Stored items:
━━━━━━━━

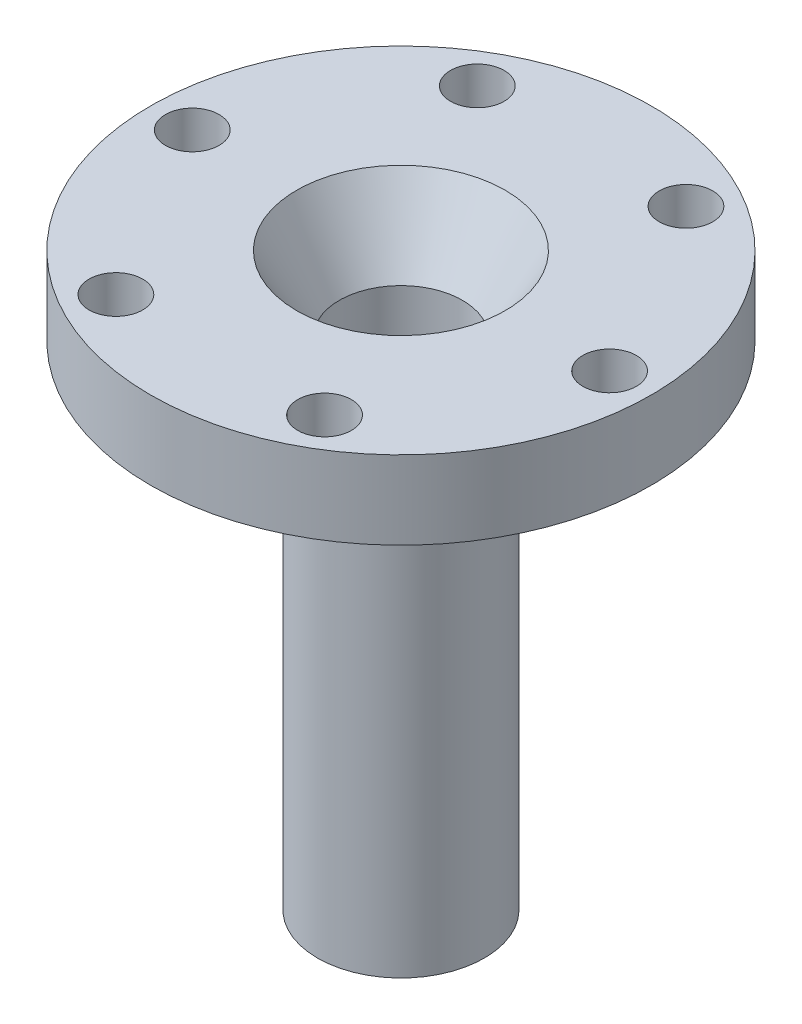
ISO-10303-21;
HEADER;
FILE_DESCRIPTION(('STEP AP214'),'2;1');
FILE_NAME('part.step','',(''),(''),'','','');
FILE_SCHEMA(('AUTOMOTIVE_DESIGN { 1 0 10303 214 1 1 1 1 }'));
ENDSEC;
DATA;
#1=APPLICATION_CONTEXT('core data for automotive mechanical design processes');
#2=APPLICATION_PROTOCOL_DEFINITION('international standard','automotive_design',2000,#1);
#3=PRODUCT_CONTEXT('',#1,'mechanical');
#4=PRODUCT('Part','Part','',(#3));
#5=PRODUCT_RELATED_PRODUCT_CATEGORY('part','',(#4));
#6=PRODUCT_DEFINITION_FORMATION('','',#4);
#7=PRODUCT_DEFINITION_CONTEXT('part definition',#1,'design');
#8=PRODUCT_DEFINITION('design','',#6,#7);
#9=PRODUCT_DEFINITION_SHAPE('','',#8);
#10=(LENGTH_UNIT() NAMED_UNIT(*) SI_UNIT(.MILLI.,.METRE.));
#11=(NAMED_UNIT(*) PLANE_ANGLE_UNIT() SI_UNIT($,.RADIAN.));
#12=(NAMED_UNIT(*) SI_UNIT($,.STERADIAN.) SOLID_ANGLE_UNIT());
#13=UNCERTAINTY_MEASURE_WITH_UNIT(LENGTH_MEASURE(1.E-05),#10,'distance_accuracy_value','');
#14=(GEOMETRIC_REPRESENTATION_CONTEXT(3) GLOBAL_UNCERTAINTY_ASSIGNED_CONTEXT((#13)) GLOBAL_UNIT_ASSIGNED_CONTEXT((#10,
#11,#12)) REPRESENTATION_CONTEXT('',''));
#15=CARTESIAN_POINT('',(0.,0.,0.));
#16=DIRECTION('',(0.,0.,1.));
#17=DIRECTION('',(1.,0.,0.));
#18=AXIS2_PLACEMENT_3D('',#15,#16,#17);
#19=CARTESIAN_POINT('',(10.16,-69.525,0.));
#20=DIRECTION('',(0.,1.,0.));
#21=DIRECTION('',(0.,0.,1.));
#22=AXIS2_PLACEMENT_3D('',#19,#20,#21);
#23=PLANE('',#22);
#24=CARTESIAN_POINT('',(0.,-69.525,0.));
#25=DIRECTION('',(0.,1.,0.));
#26=DIRECTION('',(0.,0.,1.));
#27=AXIS2_PLACEMENT_3D('',#24,#25,#26);
#28=CIRCLE('',#27,9.53200000000004);
#29=CARTESIAN_POINT('',(0.,-69.525,9.53200000000004));
#30=VERTEX_POINT('',#29);
#31=EDGE_CURVE('E53',#30,#30,#28,.T.);
#32=ORIENTED_EDGE('',*,*,#31,.T.);
#33=EDGE_LOOP('',(#32));
#34=FACE_BOUND('',#33,.T.);
#35=CARTESIAN_POINT('',(0.,-69.525,0.));
#36=DIRECTION('',(0.,1.,0.));
#37=DIRECTION('',(0.,0.,1.));
#38=AXIS2_PLACEMENT_3D('',#35,#36,#37);
#39=CIRCLE('',#38,10.16);
#40=CARTESIAN_POINT('',(0.,-69.525,10.16));
#41=VERTEX_POINT('',#40);
#42=EDGE_CURVE('E77',#41,#41,#39,.T.);
#43=ORIENTED_EDGE('',*,*,#42,.F.);
#44=EDGE_LOOP('',(#43));
#45=FACE_BOUND('',#44,.T.);
#46=ADVANCED_FACE('F33',(#34,#45),#23,.F.);
#47=CARTESIAN_POINT('',(0.,0.,0.));
#48=DIRECTION('',(0.,1.,0.));
#49=DIRECTION('',(0.,0.,1.));
#50=AXIS2_PLACEMENT_3D('',#47,#48,#49);
#51=CYLINDRICAL_SURFACE('',#50,7.50000000000001);
#52=CARTESIAN_POINT('',(0.,-68.1686275738593,0.));
#53=DIRECTION('',(0.,1.,0.));
#54=DIRECTION('',(0.,0.,1.));
#55=AXIS2_PLACEMENT_3D('',#52,#53,#54);
#56=CIRCLE('',#55,7.50000000000001);
#57=CARTESIAN_POINT('',(0.,-68.1686275738593,7.50000000000001));
#58=VERTEX_POINT('',#57);
#59=EDGE_CURVE('E48',#58,#58,#56,.F.);
#60=ORIENTED_EDGE('',*,*,#59,.T.);
#61=EDGE_LOOP('',(#60));
#62=FACE_BOUND('',#61,.T.);
#63=CARTESIAN_POINT('',(0.,-9.00666419935828,0.));
#64=DIRECTION('',(0.,1.,0.));
#65=DIRECTION('',(0.,0.,1.));
#66=AXIS2_PLACEMENT_3D('',#63,#64,#65);
#67=CIRCLE('',#66,7.50000000000001);
#68=CARTESIAN_POINT('',(0.,-9.00666419935828,7.50000000000001));
#69=VERTEX_POINT('',#68);
#70=EDGE_CURVE('E56',#69,#69,#67,.T.);
#71=ORIENTED_EDGE('',*,*,#70,.T.);
#72=EDGE_LOOP('',(#71));
#73=FACE_BOUND('',#72,.T.);
#74=ADVANCED_FACE('F147',(#62,#73),#51,.F.);
#75=CARTESIAN_POINT('',(0.,0.,0.));
#76=DIRECTION('',(0.,1.,0.));
#77=DIRECTION('',(0.,0.,1.));
#78=AXIS2_PLACEMENT_3D('',#75,#76,#77);
#79=CONICAL_SURFACE('',#78,12.7,0.523598775598293);
#80=ORIENTED_EDGE('',*,*,#70,.F.);
#81=EDGE_LOOP('',(#80));
#82=FACE_BOUND('',#81,.T.);
#83=CARTESIAN_POINT('',(0.,0.,0.));
#84=DIRECTION('',(0.,1.,0.));
#85=DIRECTION('',(0.,0.,1.));
#86=AXIS2_PLACEMENT_3D('',#83,#84,#85);
#87=CIRCLE('',#86,12.7);
#88=CARTESIAN_POINT('',(0.,0.,12.7));
#89=VERTEX_POINT('',#88);
#90=EDGE_CURVE('E68',#89,#89,#87,.T.);
#91=ORIENTED_EDGE('',*,*,#90,.T.);
#92=EDGE_LOOP('',(#91));
#93=FACE_BOUND('',#92,.T.);
#94=ADVANCED_FACE('F115',(#82,#93),#79,.F.);
#95=CARTESIAN_POINT('',(12.7,0.,0.));
#96=DIRECTION('',(0.,-1.,0.));
#97=DIRECTION('',(0.,0.,-1.));
#98=AXIS2_PLACEMENT_3D('',#95,#96,#97);
#99=PLANE('',#98);
#100=CARTESIAN_POINT('',(12.7000000000003,0.,-21.9970452561246));
#101=DIRECTION('',(0.,1.,0.));
#102=DIRECTION('',(0.,0.,1.));
#103=AXIS2_PLACEMENT_3D('',#100,#101,#102);
#104=CIRCLE('',#103,3.26389999999999);
#105=CARTESIAN_POINT('',(12.7000000000003,0.,-18.7331452561246));
#106=VERTEX_POINT('',#105);
#107=EDGE_CURVE('E104',#106,#106,#104,.T.);
#108=ORIENTED_EDGE('',*,*,#107,.F.);
#109=EDGE_LOOP('',(#108));
#110=FACE_BOUND('',#109,.T.);
#111=CARTESIAN_POINT('',(-12.6999999999998,0.,-21.9970452561249));
#112=DIRECTION('',(0.,1.,0.));
#113=DIRECTION('',(0.,0.,1.));
#114=AXIS2_PLACEMENT_3D('',#111,#112,#113);
#115=CIRCLE('',#114,3.26389999999999);
#116=CARTESIAN_POINT('',(-12.6999999999998,0.,-18.7331452561249));
#117=VERTEX_POINT('',#116);
#118=EDGE_CURVE('E61',#117,#117,#115,.T.);
#119=ORIENTED_EDGE('',*,*,#118,.F.);
#120=EDGE_LOOP('',(#119));
#121=FACE_BOUND('',#120,.T.);
#122=CARTESIAN_POINT('',(-25.4,0.,0.));
#123=DIRECTION('',(0.,1.,0.));
#124=DIRECTION('',(0.,0.,1.));
#125=AXIS2_PLACEMENT_3D('',#122,#123,#124);
#126=CIRCLE('',#125,3.26389999999999);
#127=CARTESIAN_POINT('',(-25.4,0.,3.26389999999999));
#128=VERTEX_POINT('',#127);
#129=EDGE_CURVE('E60',#128,#128,#126,.T.);
#130=ORIENTED_EDGE('',*,*,#129,.F.);
#131=EDGE_LOOP('',(#130));
#132=FACE_BOUND('',#131,.T.);
#133=CARTESIAN_POINT('',(-12.7000000000001,0.,21.9970452561247));
#134=DIRECTION('',(0.,1.,0.));
#135=DIRECTION('',(0.,0.,1.));
#136=AXIS2_PLACEMENT_3D('',#133,#134,#135);
#137=CIRCLE('',#136,3.26389999999999);
#138=CARTESIAN_POINT('',(-12.7000000000001,0.,25.2609452561247));
#139=VERTEX_POINT('',#138);
#140=EDGE_CURVE('E65',#139,#139,#137,.T.);
#141=ORIENTED_EDGE('',*,*,#140,.F.);
#142=EDGE_LOOP('',(#141));
#143=FACE_BOUND('',#142,.T.);
#144=CARTESIAN_POINT('',(12.6999999999999,0.,21.9970452561248));
#145=DIRECTION('',(0.,1.,0.));
#146=DIRECTION('',(0.,0.,1.));
#147=AXIS2_PLACEMENT_3D('',#144,#145,#146);
#148=CIRCLE('',#147,3.26389999999999);
#149=CARTESIAN_POINT('',(12.6999999999999,0.,25.2609452561248));
#150=VERTEX_POINT('',#149);
#151=EDGE_CURVE('E89',#150,#150,#148,.T.);
#152=ORIENTED_EDGE('',*,*,#151,.F.);
#153=EDGE_LOOP('',(#152));
#154=FACE_BOUND('',#153,.T.);
#155=CARTESIAN_POINT('',(25.4,0.,0.));
#156=DIRECTION('',(0.,1.,0.));
#157=DIRECTION('',(0.,0.,1.));
#158=AXIS2_PLACEMENT_3D('',#155,#156,#157);
#159=CIRCLE('',#158,3.26389999999999);
#160=CARTESIAN_POINT('',(25.4,0.,3.26389999999999));
#161=VERTEX_POINT('',#160);
#162=EDGE_CURVE('E83',#161,#161,#159,.T.);
#163=ORIENTED_EDGE('',*,*,#162,.F.);
#164=EDGE_LOOP('',(#163));
#165=FACE_BOUND('',#164,.T.);
#166=ORIENTED_EDGE('',*,*,#90,.F.);
#167=EDGE_LOOP('',(#166));
#168=FACE_BOUND('',#167,.T.);
#169=CARTESIAN_POINT('',(0.,0.,0.));
#170=DIRECTION('',(0.,1.,0.));
#171=DIRECTION('',(0.,0.,1.));
#172=AXIS2_PLACEMENT_3D('',#169,#170,#171);
#173=CIRCLE('',#172,30.48);
#174=CARTESIAN_POINT('',(0.,0.,30.48));
#175=VERTEX_POINT('',#174);
#176=EDGE_CURVE('E71',#175,#175,#173,.T.);
#177=ORIENTED_EDGE('',*,*,#176,.T.);
#178=EDGE_LOOP('',(#177));
#179=FACE_BOUND('',#178,.T.);
#180=ADVANCED_FACE('F111',(#110,#121,#132,#143,#154,#165,#168,#179),#99,.F.);
#181=CARTESIAN_POINT('',(0.,0.,0.));
#182=DIRECTION('',(0.,1.,0.));
#183=DIRECTION('',(0.,0.,1.));
#184=AXIS2_PLACEMENT_3D('',#181,#182,#183);
#185=CYLINDRICAL_SURFACE('',#184,30.48);
#186=ORIENTED_EDGE('',*,*,#176,.F.);
#187=EDGE_LOOP('',(#186));
#188=FACE_BOUND('',#187,.T.);
#189=CARTESIAN_POINT('',(0.,-9.525,0.));
#190=DIRECTION('',(0.,1.,0.));
#191=DIRECTION('',(0.,0.,1.));
#192=AXIS2_PLACEMENT_3D('',#189,#190,#191);
#193=CIRCLE('',#192,30.48);
#194=CARTESIAN_POINT('',(0.,-9.525,30.48));
#195=VERTEX_POINT('',#194);
#196=EDGE_CURVE('E74',#195,#195,#193,.T.);
#197=ORIENTED_EDGE('',*,*,#196,.T.);
#198=EDGE_LOOP('',(#197));
#199=FACE_BOUND('',#198,.T.);
#200=ADVANCED_FACE('F114',(#188,#199),#185,.T.);
#201=CARTESIAN_POINT('',(30.48,-9.525,0.));
#202=DIRECTION('',(0.,1.,0.));
#203=DIRECTION('',(0.,0.,1.));
#204=AXIS2_PLACEMENT_3D('',#201,#202,#203);
#205=PLANE('',#204);
#206=CARTESIAN_POINT('',(0.,-9.525,0.));
#207=DIRECTION('',(0.,1.,0.));
#208=DIRECTION('',(0.,0.,1.));
#209=AXIS2_PLACEMENT_3D('',#206,#207,#208);
#210=CIRCLE('',#209,13.335);
#211=CARTESIAN_POINT('',(0.,-9.525,13.335));
#212=VERTEX_POINT('',#211);
#213=EDGE_CURVE('E40',#212,#212,#210,.T.);
#214=ORIENTED_EDGE('',*,*,#213,.T.);
#215=EDGE_LOOP('',(#214));
#216=FACE_BOUND('',#215,.T.);
#217=CARTESIAN_POINT('',(12.7000000000003,-9.525,-21.9970452561246));
#218=DIRECTION('',(0.,1.,0.));
#219=DIRECTION('',(0.,0.,1.));
#220=AXIS2_PLACEMENT_3D('',#217,#218,#219);
#221=CIRCLE('',#220,3.26389999999999);
#222=CARTESIAN_POINT('',(12.7000000000003,-9.525,-18.7331452561246));
#223=VERTEX_POINT('',#222);
#224=EDGE_CURVE('E101',#223,#223,#221,.T.);
#225=ORIENTED_EDGE('',*,*,#224,.T.);
#226=EDGE_LOOP('',(#225));
#227=FACE_BOUND('',#226,.T.);
#228=CARTESIAN_POINT('',(-12.6999999999998,-9.525,-21.9970452561249));
#229=DIRECTION('',(0.,1.,0.));
#230=DIRECTION('',(0.,0.,1.));
#231=AXIS2_PLACEMENT_3D('',#228,#229,#230);
#232=CIRCLE('',#231,3.26389999999999);
#233=CARTESIAN_POINT('',(-12.6999999999998,-9.525,-18.7331452561249));
#234=VERTEX_POINT('',#233);
#235=EDGE_CURVE('E57',#234,#234,#232,.T.);
#236=ORIENTED_EDGE('',*,*,#235,.T.);
#237=EDGE_LOOP('',(#236));
#238=FACE_BOUND('',#237,.T.);
#239=CARTESIAN_POINT('',(-25.4,-9.525,0.));
#240=DIRECTION('',(0.,1.,0.));
#241=DIRECTION('',(0.,0.,1.));
#242=AXIS2_PLACEMENT_3D('',#239,#240,#241);
#243=CIRCLE('',#242,3.26389999999998);
#244=CARTESIAN_POINT('',(-25.4,-9.525,3.26389999999998));
#245=VERTEX_POINT('',#244);
#246=EDGE_CURVE('E62',#245,#245,#243,.T.);
#247=ORIENTED_EDGE('',*,*,#246,.T.);
#248=EDGE_LOOP('',(#247));
#249=FACE_BOUND('',#248,.T.);
#250=CARTESIAN_POINT('',(-12.7000000000001,-9.525,21.9970452561247));
#251=DIRECTION('',(0.,1.,0.));
#252=DIRECTION('',(0.,0.,1.));
#253=AXIS2_PLACEMENT_3D('',#250,#251,#252);
#254=CIRCLE('',#253,3.26389999999999);
#255=CARTESIAN_POINT('',(-12.7000000000001,-9.525,25.2609452561247));
#256=VERTEX_POINT('',#255);
#257=EDGE_CURVE('E92',#256,#256,#254,.T.);
#258=ORIENTED_EDGE('',*,*,#257,.T.);
#259=EDGE_LOOP('',(#258));
#260=FACE_BOUND('',#259,.T.);
#261=CARTESIAN_POINT('',(12.6999999999999,-9.525,21.9970452561248));
#262=DIRECTION('',(0.,1.,0.));
#263=DIRECTION('',(0.,0.,1.));
#264=AXIS2_PLACEMENT_3D('',#261,#262,#263);
#265=CIRCLE('',#264,3.26389999999999);
#266=CARTESIAN_POINT('',(12.6999999999999,-9.525,25.2609452561248));
#267=VERTEX_POINT('',#266);
#268=EDGE_CURVE('E86',#267,#267,#265,.T.);
#269=ORIENTED_EDGE('',*,*,#268,.T.);
#270=EDGE_LOOP('',(#269));
#271=FACE_BOUND('',#270,.T.);
#272=CARTESIAN_POINT('',(25.4,-9.525,0.));
#273=DIRECTION('',(0.,1.,0.));
#274=DIRECTION('',(0.,0.,1.));
#275=AXIS2_PLACEMENT_3D('',#272,#273,#274);
#276=CIRCLE('',#275,3.26389999999998);
#277=CARTESIAN_POINT('',(25.4,-9.525,3.26389999999998));
#278=VERTEX_POINT('',#277);
#279=EDGE_CURVE('E80',#278,#278,#276,.T.);
#280=ORIENTED_EDGE('',*,*,#279,.T.);
#281=EDGE_LOOP('',(#280));
#282=FACE_BOUND('',#281,.T.);
#283=ORIENTED_EDGE('',*,*,#196,.F.);
#284=EDGE_LOOP('',(#283));
#285=FACE_BOUND('',#284,.T.);
#286=ADVANCED_FACE('F133',(#216,#227,#238,#249,#260,#271,#282,#285),#205,.F.);
#287=CARTESIAN_POINT('',(0.,0.,0.));
#288=DIRECTION('',(0.,1.,0.));
#289=DIRECTION('',(0.,0.,1.));
#290=AXIS2_PLACEMENT_3D('',#287,#288,#289);
#291=CYLINDRICAL_SURFACE('',#290,10.16);
#292=CARTESIAN_POINT('',(0.,-12.7,0.));
#293=DIRECTION('',(0.,1.,0.));
#294=DIRECTION('',(0.,0.,1.));
#295=AXIS2_PLACEMENT_3D('',#292,#293,#294);
#296=CIRCLE('',#295,10.16);
#297=CARTESIAN_POINT('',(0.,-12.7,10.16));
#298=VERTEX_POINT('',#297);
#299=EDGE_CURVE('E10',#298,#298,#296,.F.);
#300=ORIENTED_EDGE('',*,*,#299,.T.);
#301=EDGE_LOOP('',(#300));
#302=FACE_BOUND('',#301,.T.);
#303=ORIENTED_EDGE('',*,*,#42,.T.);
#304=EDGE_LOOP('',(#303));
#305=FACE_BOUND('',#304,.T.);
#306=ADVANCED_FACE('F138',(#302,#305),#291,.T.);
#307=CARTESIAN_POINT('',(25.4,0.,0.));
#308=DIRECTION('',(0.,1.,0.));
#309=DIRECTION('',(0.,0.,1.));
#310=AXIS2_PLACEMENT_3D('',#307,#308,#309);
#311=CYLINDRICAL_SURFACE('',#310,3.26389999999998);
#312=ORIENTED_EDGE('',*,*,#162,.T.);
#313=EDGE_LOOP('',(#312));
#314=FACE_BOUND('',#313,.T.);
#315=ORIENTED_EDGE('',*,*,#279,.F.);
#316=EDGE_LOOP('',(#315));
#317=FACE_BOUND('',#316,.T.);
#318=ADVANCED_FACE('F143',(#314,#317),#311,.F.);
#319=CARTESIAN_POINT('',(12.6999999999999,0.,21.9970452561248));
#320=DIRECTION('',(0.,1.,0.));
#321=DIRECTION('',(0.,0.,1.));
#322=AXIS2_PLACEMENT_3D('',#319,#320,#321);
#323=CYLINDRICAL_SURFACE('',#322,3.26389999999999);
#324=ORIENTED_EDGE('',*,*,#151,.T.);
#325=EDGE_LOOP('',(#324));
#326=FACE_BOUND('',#325,.T.);
#327=ORIENTED_EDGE('',*,*,#268,.F.);
#328=EDGE_LOOP('',(#327));
#329=FACE_BOUND('',#328,.T.);
#330=ADVANCED_FACE('F198',(#326,#329),#323,.F.);
#331=CARTESIAN_POINT('',(-12.7000000000001,0.,21.9970452561247));
#332=DIRECTION('',(0.,1.,0.));
#333=DIRECTION('',(0.,0.,1.));
#334=AXIS2_PLACEMENT_3D('',#331,#332,#333);
#335=CYLINDRICAL_SURFACE('',#334,3.26389999999999);
#336=ORIENTED_EDGE('',*,*,#140,.T.);
#337=EDGE_LOOP('',(#336));
#338=FACE_BOUND('',#337,.T.);
#339=ORIENTED_EDGE('',*,*,#257,.F.);
#340=EDGE_LOOP('',(#339));
#341=FACE_BOUND('',#340,.T.);
#342=ADVANCED_FACE('F211',(#338,#341),#335,.F.);
#343=CARTESIAN_POINT('',(-25.4,0.,0.));
#344=DIRECTION('',(0.,1.,0.));
#345=DIRECTION('',(0.,0.,1.));
#346=AXIS2_PLACEMENT_3D('',#343,#344,#345);
#347=CYLINDRICAL_SURFACE('',#346,3.26389999999998);
#348=ORIENTED_EDGE('',*,*,#129,.T.);
#349=EDGE_LOOP('',(#348));
#350=FACE_BOUND('',#349,.T.);
#351=ORIENTED_EDGE('',*,*,#246,.F.);
#352=EDGE_LOOP('',(#351));
#353=FACE_BOUND('',#352,.T.);
#354=ADVANCED_FACE('F218',(#350,#353),#347,.F.);
#355=CARTESIAN_POINT('',(-12.6999999999998,0.,-21.9970452561249));
#356=DIRECTION('',(0.,1.,0.));
#357=DIRECTION('',(0.,0.,1.));
#358=AXIS2_PLACEMENT_3D('',#355,#356,#357);
#359=CYLINDRICAL_SURFACE('',#358,3.26389999999999);
#360=ORIENTED_EDGE('',*,*,#118,.T.);
#361=EDGE_LOOP('',(#360));
#362=FACE_BOUND('',#361,.T.);
#363=ORIENTED_EDGE('',*,*,#235,.F.);
#364=EDGE_LOOP('',(#363));
#365=FACE_BOUND('',#364,.T.);
#366=ADVANCED_FACE('F226',(#362,#365),#359,.F.);
#367=CARTESIAN_POINT('',(12.7000000000003,0.,-21.9970452561246));
#368=DIRECTION('',(0.,1.,0.));
#369=DIRECTION('',(0.,0.,1.));
#370=AXIS2_PLACEMENT_3D('',#367,#368,#369);
#371=CYLINDRICAL_SURFACE('',#370,3.26389999999999);
#372=ORIENTED_EDGE('',*,*,#107,.T.);
#373=EDGE_LOOP('',(#372));
#374=FACE_BOUND('',#373,.T.);
#375=ORIENTED_EDGE('',*,*,#224,.F.);
#376=EDGE_LOOP('',(#375));
#377=FACE_BOUND('',#376,.T.);
#378=ADVANCED_FACE('F108',(#374,#377),#371,.F.);
#379=CARTESIAN_POINT('',(0.,-69.525,0.));
#380=DIRECTION('',(0.,-1.,0.));
#381=DIRECTION('',(0.,0.,-1.));
#382=AXIS2_PLACEMENT_3D('',#379,#380,#381);
#383=CONICAL_SURFACE('',#382,9.53200000000004,1.18682389135615);
#384=CARTESIAN_POINT('',(0.,-68.9045797584217,0.));
#385=DIRECTION('',(0.,-1.,0.));
#386=DIRECTION('',(0.,0.,-1.));
#387=AXIS2_PLACEMENT_3D('',#384,#385,#386);
#388=CIRCLE('',#387,7.99640601647613);
#389=CARTESIAN_POINT('',(0.,-68.9045797584217,-7.99640601647613));
#390=VERTEX_POINT('',#389);
#391=EDGE_CURVE('E44',#390,#390,#388,.F.);
#392=ORIENTED_EDGE('',*,*,#391,.T.);
#393=EDGE_LOOP('',(#392));
#394=FACE_BOUND('',#393,.T.);
#395=ORIENTED_EDGE('',*,*,#31,.F.);
#396=EDGE_LOOP('',(#395));
#397=FACE_BOUND('',#396,.T.);
#398=ADVANCED_FACE('F158',(#394,#397),#383,.F.);
#399=CARTESIAN_POINT('',(0.,-68.1686275738593,0.));
#400=DIRECTION('',(0.,1.,0.));
#401=DIRECTION('',(0.,0.,1.));
#402=AXIS2_PLACEMENT_3D('',#399,#400,#401);
#403=TOROIDAL_SURFACE('',#402,8.29375000000001,0.79375);
#404=ORIENTED_EDGE('',*,*,#391,.F.);
#405=EDGE_LOOP('',(#404));
#406=FACE_BOUND('',#405,.T.);
#407=ORIENTED_EDGE('',*,*,#59,.F.);
#408=EDGE_LOOP('',(#407));
#409=FACE_BOUND('',#408,.T.);
#410=ADVANCED_FACE('F160',(#406,#409),#403,.T.);
#411=CARTESIAN_POINT('',(0.,-9.525,0.));
#412=DIRECTION('',(0.,1.,0.));
#413=DIRECTION('',(0.,0.,1.));
#414=AXIS2_PLACEMENT_3D('',#411,#412,#413);
#415=CONICAL_SURFACE('',#414,13.335,0.785398163397452);
#416=ORIENTED_EDGE('',*,*,#299,.F.);
#417=EDGE_LOOP('',(#416));
#418=FACE_BOUND('',#417,.T.);
#419=ORIENTED_EDGE('',*,*,#213,.F.);
#420=EDGE_LOOP('',(#419));
#421=FACE_BOUND('',#420,.T.);
#422=ADVANCED_FACE('F35',(#418,#421),#415,.T.);
#423=CLOSED_SHELL('',(#46,#74,#94,#180,#200,#286,#306,#318,#330,#342,#354,#366,#378,#398,#410,#422));
#424=MANIFOLD_SOLID_BREP('B2',#423);
#425=ADVANCED_BREP_SHAPE_REPRESENTATION('',(#18,#424),#14);
#426=SHAPE_DEFINITION_REPRESENTATION(#9,#425);
ENDSEC;
END-ISO-10303-21;

━━━━━━━━

WHAT THIS TASK INVOLVES: The images in the entries above should be left out; please reproduce exactly the lines from the first through the one containing "#46=ADVANCED_FACE('F33',(#34,#45),#23,.F.);".

FINAL ANSWER:
ISO-10303-21;
HEADER;
FILE_DESCRIPTION(('STEP AP214'),'2;1');
FILE_NAME('part.step','',(''),(''),'','','');
FILE_SCHEMA(('AUTOMOTIVE_DESIGN { 1 0 10303 214 1 1 1 1 }'));
ENDSEC;
DATA;
#1=APPLICATION_CONTEXT('core data for automotive mechanical design processes');
#2=APPLICATION_PROTOCOL_DEFINITION('international standard','automotive_design',2000,#1);
#3=PRODUCT_CONTEXT('',#1,'mechanical');
#4=PRODUCT('Part','Part','',(#3));
#5=PRODUCT_RELATED_PRODUCT_CATEGORY('part','',(#4));
#6=PRODUCT_DEFINITION_FORMATION('','',#4);
#7=PRODUCT_DEFINITION_CONTEXT('part definition',#1,'design');
#8=PRODUCT_DEFINITION('design','',#6,#7);
#9=PRODUCT_DEFINITION_SHAPE('','',#8);
#10=(LENGTH_UNIT() NAMED_UNIT(*) SI_UNIT(.MILLI.,.METRE.));
#11=(NAMED_UNIT(*) PLANE_ANGLE_UNIT() SI_UNIT($,.RADIAN.));
#12=(NAMED_UNIT(*) SI_UNIT($,.STERADIAN.) SOLID_ANGLE_UNIT());
#13=UNCERTAINTY_MEASURE_WITH_UNIT(LENGTH_MEASURE(1.E-05),#10,'distance_accuracy_value','');
#14=(GEOMETRIC_REPRESENTATION_CONTEXT(3) GLOBAL_UNCERTAINTY_ASSIGNED_CONTEXT((#13)) GLOBAL_UNIT_ASSIGNED_CONTEXT((#10,
#11,#12)) REPRESENTATION_CONTEXT('',''));
#15=CARTESIAN_POINT('',(0.,0.,0.));
#16=DIRECTION('',(0.,0.,1.));
#17=DIRECTION('',(1.,0.,0.));
#18=AXIS2_PLACEMENT_3D('',#15,#16,#17);
#19=CARTESIAN_POINT('',(10.16,-69.525,0.));
#20=DIRECTION('',(0.,1.,0.));
#21=DIRECTION('',(0.,0.,1.));
#22=AXIS2_PLACEMENT_3D('',#19,#20,#21);
#23=PLANE('',#22);
#24=CARTESIAN_POINT('',(0.,-69.525,0.));
#25=DIRECTION('',(0.,1.,0.));
#26=DIRECTION('',(0.,0.,1.));
#27=AXIS2_PLACEMENT_3D('',#24,#25,#26);
#28=CIRCLE('',#27,9.53200000000004);
#29=CARTESIAN_POINT('',(0.,-69.525,9.53200000000004));
#30=VERTEX_POINT('',#29);
#31=EDGE_CURVE('E53',#30,#30,#28,.T.);
#32=ORIENTED_EDGE('',*,*,#31,.T.);
#33=EDGE_LOOP('',(#32));
#34=FACE_BOUND('',#33,.T.);
#35=CARTESIAN_POINT('',(0.,-69.525,0.));
#36=DIRECTION('',(0.,1.,0.));
#37=DIRECTION('',(0.,0.,1.));
#38=AXIS2_PLACEMENT_3D('',#35,#36,#37);
#39=CIRCLE('',#38,10.16);
#40=CARTESIAN_POINT('',(0.,-69.525,10.16));
#41=VERTEX_POINT('',#40);
#42=EDGE_CURVE('E77',#41,#41,#39,.T.);
#43=ORIENTED_EDGE('',*,*,#42,.F.);
#44=EDGE_LOOP('',(#43));
#45=FACE_BOUND('',#44,.T.);
#46=ADVANCED_FACE('F33',(#34,#45),#23,.F.);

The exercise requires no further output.